• _Requirement_:
Go through the listing and count the lines with "Sequence" in them; write only the number.

• _Listed records_:
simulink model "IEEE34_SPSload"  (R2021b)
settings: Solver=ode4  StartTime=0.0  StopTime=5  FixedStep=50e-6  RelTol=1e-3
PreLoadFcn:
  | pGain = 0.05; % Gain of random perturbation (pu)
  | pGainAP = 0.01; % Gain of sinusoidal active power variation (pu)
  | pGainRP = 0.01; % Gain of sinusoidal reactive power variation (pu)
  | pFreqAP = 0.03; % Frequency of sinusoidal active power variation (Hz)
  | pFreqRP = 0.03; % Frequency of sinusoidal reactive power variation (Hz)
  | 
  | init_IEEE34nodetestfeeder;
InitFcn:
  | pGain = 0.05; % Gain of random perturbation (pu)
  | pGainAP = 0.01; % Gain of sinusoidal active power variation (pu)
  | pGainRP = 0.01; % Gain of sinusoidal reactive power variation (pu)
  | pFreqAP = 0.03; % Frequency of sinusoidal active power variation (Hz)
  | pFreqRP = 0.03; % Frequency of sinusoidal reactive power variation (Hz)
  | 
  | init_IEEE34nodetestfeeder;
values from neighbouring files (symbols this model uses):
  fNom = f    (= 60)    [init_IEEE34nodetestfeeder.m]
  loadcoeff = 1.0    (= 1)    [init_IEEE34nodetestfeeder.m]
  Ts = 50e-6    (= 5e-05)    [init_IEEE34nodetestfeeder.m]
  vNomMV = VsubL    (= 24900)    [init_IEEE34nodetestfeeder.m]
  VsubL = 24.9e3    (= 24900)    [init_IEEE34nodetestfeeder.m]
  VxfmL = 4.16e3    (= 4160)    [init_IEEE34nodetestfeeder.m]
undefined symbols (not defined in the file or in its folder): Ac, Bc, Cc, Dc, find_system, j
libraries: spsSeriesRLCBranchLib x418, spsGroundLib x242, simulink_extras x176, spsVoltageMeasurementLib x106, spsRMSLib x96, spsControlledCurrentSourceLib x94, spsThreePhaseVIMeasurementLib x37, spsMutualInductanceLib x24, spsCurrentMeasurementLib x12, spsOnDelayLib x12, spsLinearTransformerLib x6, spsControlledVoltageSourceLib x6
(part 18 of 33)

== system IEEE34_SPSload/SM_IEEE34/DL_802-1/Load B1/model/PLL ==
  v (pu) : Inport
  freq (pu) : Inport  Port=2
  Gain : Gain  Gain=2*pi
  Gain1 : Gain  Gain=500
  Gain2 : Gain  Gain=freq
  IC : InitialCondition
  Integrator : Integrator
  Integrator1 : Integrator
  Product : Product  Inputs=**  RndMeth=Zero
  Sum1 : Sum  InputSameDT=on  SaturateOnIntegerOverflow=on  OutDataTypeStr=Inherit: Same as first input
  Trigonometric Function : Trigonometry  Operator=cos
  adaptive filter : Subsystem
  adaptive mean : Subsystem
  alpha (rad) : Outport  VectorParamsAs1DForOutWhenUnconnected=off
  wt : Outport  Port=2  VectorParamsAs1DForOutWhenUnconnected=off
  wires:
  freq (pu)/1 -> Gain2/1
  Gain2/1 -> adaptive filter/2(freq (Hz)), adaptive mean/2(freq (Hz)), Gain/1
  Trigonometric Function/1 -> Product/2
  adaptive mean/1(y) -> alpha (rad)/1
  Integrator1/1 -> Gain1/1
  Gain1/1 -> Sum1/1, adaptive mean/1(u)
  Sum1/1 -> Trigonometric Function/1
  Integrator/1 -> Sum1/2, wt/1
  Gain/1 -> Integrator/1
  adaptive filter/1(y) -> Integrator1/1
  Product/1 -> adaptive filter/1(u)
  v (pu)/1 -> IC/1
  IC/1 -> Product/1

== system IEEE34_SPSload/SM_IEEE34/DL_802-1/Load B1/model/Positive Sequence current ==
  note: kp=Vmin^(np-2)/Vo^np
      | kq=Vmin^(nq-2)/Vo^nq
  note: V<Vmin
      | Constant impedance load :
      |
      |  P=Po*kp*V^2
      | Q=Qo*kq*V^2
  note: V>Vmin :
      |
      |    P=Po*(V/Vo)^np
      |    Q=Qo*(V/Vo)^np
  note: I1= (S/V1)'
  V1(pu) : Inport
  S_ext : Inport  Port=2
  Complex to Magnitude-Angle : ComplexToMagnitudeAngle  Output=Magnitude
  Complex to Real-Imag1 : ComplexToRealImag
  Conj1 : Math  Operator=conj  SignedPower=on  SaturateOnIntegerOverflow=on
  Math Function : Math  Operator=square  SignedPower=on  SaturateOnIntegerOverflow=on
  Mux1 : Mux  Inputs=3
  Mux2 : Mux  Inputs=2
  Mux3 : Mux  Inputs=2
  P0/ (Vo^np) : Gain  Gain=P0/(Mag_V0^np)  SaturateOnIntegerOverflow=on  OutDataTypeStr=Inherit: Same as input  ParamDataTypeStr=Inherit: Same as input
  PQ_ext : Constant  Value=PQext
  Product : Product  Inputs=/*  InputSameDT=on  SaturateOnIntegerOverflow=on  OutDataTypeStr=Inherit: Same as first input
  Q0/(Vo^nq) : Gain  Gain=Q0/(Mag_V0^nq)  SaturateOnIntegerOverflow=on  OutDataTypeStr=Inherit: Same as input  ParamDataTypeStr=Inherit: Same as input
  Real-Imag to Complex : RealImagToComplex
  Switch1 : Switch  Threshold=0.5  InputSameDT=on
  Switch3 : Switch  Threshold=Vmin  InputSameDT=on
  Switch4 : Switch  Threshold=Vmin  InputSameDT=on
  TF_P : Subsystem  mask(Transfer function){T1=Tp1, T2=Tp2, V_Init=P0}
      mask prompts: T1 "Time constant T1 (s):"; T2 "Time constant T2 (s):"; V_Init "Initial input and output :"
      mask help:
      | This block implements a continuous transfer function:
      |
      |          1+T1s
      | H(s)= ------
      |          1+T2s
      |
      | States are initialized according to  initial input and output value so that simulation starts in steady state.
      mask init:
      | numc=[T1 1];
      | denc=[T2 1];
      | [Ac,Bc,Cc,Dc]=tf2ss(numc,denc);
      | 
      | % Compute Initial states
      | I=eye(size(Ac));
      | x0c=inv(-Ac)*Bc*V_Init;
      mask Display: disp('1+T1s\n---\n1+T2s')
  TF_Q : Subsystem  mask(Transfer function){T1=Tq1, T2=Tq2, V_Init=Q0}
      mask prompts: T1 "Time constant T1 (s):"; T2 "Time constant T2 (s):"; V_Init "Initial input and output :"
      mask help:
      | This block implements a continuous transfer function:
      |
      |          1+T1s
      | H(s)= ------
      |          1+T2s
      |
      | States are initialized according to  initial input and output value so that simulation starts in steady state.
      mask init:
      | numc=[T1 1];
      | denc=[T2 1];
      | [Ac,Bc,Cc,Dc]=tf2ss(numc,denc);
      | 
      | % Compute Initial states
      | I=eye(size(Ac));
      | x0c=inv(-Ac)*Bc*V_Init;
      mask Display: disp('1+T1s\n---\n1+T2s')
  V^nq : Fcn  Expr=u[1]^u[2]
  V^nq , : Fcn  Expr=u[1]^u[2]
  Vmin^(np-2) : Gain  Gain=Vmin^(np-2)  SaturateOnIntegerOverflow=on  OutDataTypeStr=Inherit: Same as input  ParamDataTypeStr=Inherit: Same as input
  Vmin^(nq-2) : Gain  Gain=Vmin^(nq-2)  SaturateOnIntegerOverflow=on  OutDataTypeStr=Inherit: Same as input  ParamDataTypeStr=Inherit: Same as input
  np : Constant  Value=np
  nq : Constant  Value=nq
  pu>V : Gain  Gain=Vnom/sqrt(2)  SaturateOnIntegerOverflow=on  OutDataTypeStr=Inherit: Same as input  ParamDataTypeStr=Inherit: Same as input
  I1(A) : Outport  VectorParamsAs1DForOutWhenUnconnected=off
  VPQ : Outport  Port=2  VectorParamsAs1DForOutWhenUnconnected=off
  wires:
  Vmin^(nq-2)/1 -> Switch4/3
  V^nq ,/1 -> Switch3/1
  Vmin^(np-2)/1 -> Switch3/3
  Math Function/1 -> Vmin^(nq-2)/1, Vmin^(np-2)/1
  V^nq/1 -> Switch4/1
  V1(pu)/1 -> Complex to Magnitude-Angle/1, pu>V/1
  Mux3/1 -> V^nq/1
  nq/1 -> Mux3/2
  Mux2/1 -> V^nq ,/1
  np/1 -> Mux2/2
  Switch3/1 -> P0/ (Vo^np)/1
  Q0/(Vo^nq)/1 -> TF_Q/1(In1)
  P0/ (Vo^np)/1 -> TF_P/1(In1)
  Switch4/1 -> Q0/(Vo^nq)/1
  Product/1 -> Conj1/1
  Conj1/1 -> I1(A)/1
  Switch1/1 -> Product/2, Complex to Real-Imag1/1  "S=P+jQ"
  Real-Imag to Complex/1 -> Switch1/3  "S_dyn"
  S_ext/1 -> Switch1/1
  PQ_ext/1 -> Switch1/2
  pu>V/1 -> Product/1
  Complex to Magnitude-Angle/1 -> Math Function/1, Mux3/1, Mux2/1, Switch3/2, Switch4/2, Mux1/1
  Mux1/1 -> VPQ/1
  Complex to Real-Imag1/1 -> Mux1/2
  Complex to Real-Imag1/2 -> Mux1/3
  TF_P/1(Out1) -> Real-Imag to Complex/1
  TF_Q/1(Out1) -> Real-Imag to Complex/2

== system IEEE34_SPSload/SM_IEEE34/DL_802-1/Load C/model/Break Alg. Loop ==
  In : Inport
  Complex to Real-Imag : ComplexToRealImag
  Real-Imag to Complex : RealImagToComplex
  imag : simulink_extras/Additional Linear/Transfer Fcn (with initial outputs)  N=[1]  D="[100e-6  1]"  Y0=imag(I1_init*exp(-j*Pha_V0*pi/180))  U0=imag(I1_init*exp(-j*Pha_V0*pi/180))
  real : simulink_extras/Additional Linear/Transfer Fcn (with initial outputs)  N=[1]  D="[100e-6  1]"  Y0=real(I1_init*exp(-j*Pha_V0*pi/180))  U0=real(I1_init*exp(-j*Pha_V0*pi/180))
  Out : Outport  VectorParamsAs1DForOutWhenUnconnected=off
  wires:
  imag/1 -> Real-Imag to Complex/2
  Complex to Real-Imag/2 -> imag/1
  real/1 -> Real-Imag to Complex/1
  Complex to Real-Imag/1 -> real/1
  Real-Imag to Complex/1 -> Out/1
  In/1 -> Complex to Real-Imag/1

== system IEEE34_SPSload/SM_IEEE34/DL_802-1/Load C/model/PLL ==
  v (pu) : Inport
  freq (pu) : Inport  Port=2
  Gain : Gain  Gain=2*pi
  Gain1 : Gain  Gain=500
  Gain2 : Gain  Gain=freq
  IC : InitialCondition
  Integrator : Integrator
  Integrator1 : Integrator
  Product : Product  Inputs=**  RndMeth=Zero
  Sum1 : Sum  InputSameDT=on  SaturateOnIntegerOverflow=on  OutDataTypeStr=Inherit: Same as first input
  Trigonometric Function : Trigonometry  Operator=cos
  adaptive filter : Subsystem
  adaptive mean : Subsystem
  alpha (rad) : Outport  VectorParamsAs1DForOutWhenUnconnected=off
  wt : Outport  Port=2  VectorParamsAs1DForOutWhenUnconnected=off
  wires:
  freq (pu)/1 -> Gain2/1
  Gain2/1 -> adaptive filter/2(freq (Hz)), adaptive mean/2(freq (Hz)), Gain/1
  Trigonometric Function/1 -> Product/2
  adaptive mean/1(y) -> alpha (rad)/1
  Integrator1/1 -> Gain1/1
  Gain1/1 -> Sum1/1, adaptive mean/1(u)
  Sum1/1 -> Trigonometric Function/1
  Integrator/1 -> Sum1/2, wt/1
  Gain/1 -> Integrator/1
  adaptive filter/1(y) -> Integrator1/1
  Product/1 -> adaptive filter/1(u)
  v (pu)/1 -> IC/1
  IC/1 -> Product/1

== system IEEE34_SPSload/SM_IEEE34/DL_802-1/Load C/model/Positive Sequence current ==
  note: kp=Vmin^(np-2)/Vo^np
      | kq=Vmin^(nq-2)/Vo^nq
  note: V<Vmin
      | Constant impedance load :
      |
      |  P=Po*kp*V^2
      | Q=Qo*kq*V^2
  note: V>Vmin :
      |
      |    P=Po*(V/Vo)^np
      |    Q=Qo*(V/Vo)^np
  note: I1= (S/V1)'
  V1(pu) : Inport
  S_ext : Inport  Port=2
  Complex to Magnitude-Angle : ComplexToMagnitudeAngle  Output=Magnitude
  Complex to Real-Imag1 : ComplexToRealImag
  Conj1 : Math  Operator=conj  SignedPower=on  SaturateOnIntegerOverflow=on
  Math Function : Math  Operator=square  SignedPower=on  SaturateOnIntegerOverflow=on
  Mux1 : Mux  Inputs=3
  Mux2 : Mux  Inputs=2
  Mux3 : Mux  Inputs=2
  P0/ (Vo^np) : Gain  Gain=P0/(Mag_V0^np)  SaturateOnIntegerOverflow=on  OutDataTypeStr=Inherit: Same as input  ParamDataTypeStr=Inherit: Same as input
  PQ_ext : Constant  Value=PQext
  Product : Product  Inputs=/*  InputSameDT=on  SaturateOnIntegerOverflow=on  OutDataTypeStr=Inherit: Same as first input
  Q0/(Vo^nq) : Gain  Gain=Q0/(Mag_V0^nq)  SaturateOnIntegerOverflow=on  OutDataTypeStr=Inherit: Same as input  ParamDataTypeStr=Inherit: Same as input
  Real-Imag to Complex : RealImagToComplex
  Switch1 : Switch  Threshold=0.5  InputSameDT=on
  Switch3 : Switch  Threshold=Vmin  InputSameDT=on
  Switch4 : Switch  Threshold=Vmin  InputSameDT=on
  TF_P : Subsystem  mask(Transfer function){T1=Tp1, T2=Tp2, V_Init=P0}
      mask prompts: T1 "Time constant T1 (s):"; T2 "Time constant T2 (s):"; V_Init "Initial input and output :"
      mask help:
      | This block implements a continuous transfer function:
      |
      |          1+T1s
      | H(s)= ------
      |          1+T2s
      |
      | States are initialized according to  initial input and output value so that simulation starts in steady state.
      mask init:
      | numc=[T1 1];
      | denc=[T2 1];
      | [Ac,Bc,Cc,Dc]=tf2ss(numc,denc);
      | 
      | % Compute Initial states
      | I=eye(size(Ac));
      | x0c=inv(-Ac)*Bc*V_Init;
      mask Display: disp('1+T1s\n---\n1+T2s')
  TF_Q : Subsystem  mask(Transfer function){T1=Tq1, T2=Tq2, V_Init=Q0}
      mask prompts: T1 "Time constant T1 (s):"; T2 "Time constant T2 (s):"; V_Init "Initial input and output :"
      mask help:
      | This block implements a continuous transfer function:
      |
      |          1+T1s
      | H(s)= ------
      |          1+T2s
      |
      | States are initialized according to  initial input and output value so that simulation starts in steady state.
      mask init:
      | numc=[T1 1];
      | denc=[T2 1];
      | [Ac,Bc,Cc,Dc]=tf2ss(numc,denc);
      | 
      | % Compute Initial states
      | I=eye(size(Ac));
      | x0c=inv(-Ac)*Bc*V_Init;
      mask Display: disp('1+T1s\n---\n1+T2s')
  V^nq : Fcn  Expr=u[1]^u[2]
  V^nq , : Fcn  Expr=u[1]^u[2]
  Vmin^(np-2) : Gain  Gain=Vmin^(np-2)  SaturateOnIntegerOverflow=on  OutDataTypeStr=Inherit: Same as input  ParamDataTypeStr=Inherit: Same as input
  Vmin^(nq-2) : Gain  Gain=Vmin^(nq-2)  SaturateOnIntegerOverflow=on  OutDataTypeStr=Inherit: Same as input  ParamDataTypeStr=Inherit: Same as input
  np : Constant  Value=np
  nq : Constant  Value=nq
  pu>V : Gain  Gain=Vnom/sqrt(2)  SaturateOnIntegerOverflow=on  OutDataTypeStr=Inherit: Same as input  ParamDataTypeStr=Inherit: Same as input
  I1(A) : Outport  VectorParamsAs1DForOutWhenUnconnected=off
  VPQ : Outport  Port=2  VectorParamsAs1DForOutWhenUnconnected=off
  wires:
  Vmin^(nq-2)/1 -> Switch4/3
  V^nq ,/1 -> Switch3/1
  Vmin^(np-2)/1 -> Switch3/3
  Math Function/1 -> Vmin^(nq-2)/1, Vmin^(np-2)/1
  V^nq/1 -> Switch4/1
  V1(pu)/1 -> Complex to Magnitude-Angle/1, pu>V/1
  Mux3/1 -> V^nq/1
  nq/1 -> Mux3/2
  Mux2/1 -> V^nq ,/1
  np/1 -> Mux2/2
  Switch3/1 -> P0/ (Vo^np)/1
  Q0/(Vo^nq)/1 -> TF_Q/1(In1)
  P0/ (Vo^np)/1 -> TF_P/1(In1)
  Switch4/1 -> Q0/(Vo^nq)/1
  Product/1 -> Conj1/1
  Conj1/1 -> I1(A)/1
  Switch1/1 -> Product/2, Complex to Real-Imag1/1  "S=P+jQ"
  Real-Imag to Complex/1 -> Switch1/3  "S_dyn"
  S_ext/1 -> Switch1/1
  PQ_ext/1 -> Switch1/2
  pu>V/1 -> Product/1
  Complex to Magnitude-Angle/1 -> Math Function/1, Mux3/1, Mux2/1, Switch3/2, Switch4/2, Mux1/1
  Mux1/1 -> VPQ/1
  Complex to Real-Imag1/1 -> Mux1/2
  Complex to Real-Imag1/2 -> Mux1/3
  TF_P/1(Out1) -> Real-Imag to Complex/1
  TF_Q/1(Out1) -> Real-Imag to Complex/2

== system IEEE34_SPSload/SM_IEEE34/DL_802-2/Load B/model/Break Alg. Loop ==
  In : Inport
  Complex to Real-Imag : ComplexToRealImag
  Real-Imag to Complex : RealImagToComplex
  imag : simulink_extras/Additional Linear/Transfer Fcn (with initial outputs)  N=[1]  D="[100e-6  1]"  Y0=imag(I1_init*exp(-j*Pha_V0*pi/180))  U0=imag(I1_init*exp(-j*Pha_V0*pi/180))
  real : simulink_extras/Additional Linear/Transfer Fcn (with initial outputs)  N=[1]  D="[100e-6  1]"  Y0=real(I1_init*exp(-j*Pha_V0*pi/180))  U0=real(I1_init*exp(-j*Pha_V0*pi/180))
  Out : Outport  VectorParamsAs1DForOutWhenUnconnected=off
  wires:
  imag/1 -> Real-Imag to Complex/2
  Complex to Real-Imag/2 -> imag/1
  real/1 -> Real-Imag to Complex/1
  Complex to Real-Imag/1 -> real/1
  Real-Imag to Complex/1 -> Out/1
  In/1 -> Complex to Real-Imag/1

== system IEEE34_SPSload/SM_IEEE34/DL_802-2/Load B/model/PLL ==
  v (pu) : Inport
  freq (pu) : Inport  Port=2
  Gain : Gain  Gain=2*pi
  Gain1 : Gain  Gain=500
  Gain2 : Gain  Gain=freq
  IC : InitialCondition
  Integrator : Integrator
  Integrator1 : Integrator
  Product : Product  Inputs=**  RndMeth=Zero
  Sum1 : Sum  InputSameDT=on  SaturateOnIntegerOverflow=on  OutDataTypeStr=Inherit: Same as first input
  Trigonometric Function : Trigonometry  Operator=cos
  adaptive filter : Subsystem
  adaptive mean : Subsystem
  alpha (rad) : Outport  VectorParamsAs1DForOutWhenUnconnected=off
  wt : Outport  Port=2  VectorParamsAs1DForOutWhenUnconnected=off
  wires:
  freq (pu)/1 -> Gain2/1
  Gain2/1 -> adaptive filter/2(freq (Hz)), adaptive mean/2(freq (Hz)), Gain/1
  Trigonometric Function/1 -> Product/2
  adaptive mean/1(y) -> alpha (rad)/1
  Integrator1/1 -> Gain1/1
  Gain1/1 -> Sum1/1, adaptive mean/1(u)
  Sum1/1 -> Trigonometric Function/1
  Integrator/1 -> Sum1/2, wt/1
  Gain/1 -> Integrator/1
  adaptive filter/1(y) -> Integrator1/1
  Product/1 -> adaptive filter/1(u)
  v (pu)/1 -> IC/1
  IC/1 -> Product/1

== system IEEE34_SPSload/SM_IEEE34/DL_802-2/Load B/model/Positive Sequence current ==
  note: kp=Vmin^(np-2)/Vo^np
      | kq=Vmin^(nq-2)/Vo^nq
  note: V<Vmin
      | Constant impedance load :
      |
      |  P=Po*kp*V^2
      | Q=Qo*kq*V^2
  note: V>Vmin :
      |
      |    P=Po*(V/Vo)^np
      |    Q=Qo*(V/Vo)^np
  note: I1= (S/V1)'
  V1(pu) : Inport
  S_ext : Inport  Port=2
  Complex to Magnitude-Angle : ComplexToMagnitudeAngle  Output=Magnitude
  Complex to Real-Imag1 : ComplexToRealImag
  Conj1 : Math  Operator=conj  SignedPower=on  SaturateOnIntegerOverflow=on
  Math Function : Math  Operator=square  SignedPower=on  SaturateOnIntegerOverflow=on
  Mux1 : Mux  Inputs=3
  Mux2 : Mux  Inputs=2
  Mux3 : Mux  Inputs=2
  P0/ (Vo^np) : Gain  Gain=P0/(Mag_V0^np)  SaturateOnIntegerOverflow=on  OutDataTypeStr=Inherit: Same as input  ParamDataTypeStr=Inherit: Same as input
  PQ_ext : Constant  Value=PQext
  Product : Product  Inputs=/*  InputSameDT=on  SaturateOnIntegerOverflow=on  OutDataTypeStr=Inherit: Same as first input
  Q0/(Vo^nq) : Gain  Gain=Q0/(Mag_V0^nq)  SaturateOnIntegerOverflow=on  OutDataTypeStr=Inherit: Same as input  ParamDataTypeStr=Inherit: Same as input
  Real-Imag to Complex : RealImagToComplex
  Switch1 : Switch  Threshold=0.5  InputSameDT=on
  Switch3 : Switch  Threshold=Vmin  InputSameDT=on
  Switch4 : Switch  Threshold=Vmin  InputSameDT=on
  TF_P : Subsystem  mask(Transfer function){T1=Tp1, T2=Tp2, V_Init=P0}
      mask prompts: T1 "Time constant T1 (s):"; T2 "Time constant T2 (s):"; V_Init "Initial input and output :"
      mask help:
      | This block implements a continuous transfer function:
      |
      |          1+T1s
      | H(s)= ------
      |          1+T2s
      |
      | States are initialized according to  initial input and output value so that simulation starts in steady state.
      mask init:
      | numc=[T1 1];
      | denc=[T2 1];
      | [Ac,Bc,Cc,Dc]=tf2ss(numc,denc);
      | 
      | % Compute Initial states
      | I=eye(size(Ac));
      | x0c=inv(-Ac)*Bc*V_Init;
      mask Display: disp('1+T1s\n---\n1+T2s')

• _Answer to this problem_:
3